DATA FOR REVIEW below:
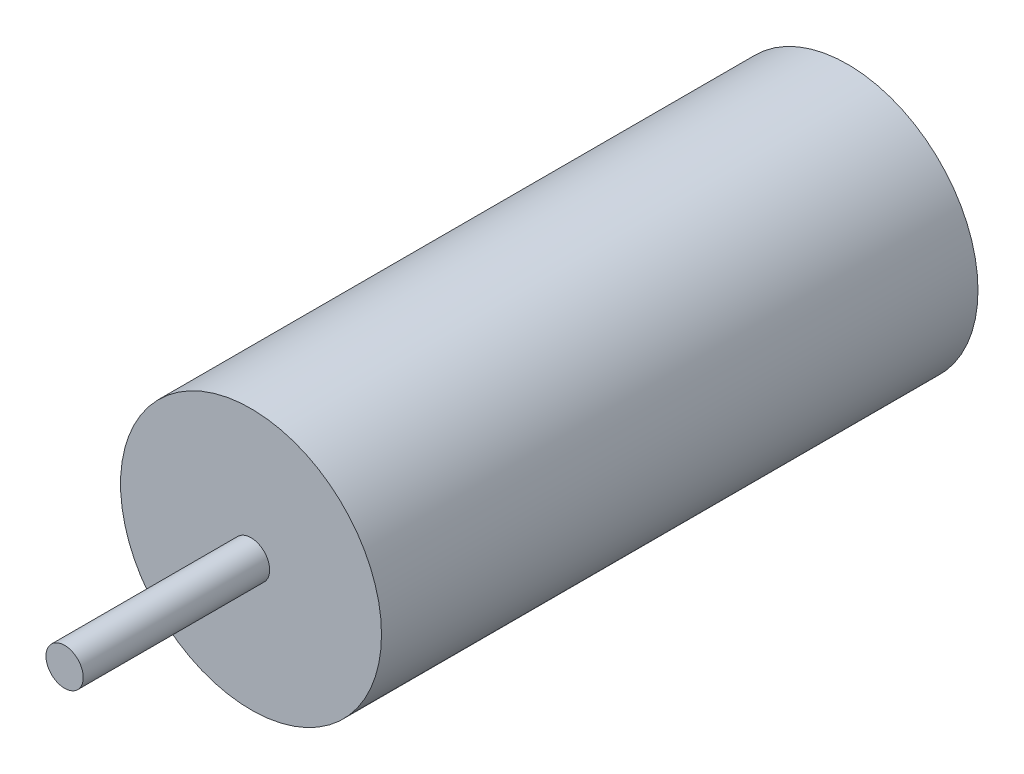
from build123d import *

# Parameters (mm, degrees)
SKETCH_1_R      = 3.5
EXTRUDE_1_DEPTH = 16
SKETCH_2_R      = 0.5
EXTRUDE_2_DEPTH = 5


with BuildPart() as part:
    # 草图1 → 凸台-拉伸1 (new body)
    with BuildSketch(Plane.XY):
        Circle(SKETCH_1_R)
    extrude(amount=EXTRUDE_1_DEPTH)

    # 草图2 → 凸台-拉伸2 (add)
    with BuildSketch(Plane.XY.offset(16)):
        Circle(SKETCH_2_R)
    extrude(amount=EXTRUDE_2_DEPTH)


solid = part.part
End of DATA FOR REVIEW.
▸ **TASK TO CARRY OUT**
Look for the word "amount" throughout the material above and copy every line that has it.

▸ **SOLUTION FOR THIS EXERCISE**
    extrude(amount=EXTRUDE_1_DEPTH)
    extrude(amount=EXTRUDE_2_DEPTH)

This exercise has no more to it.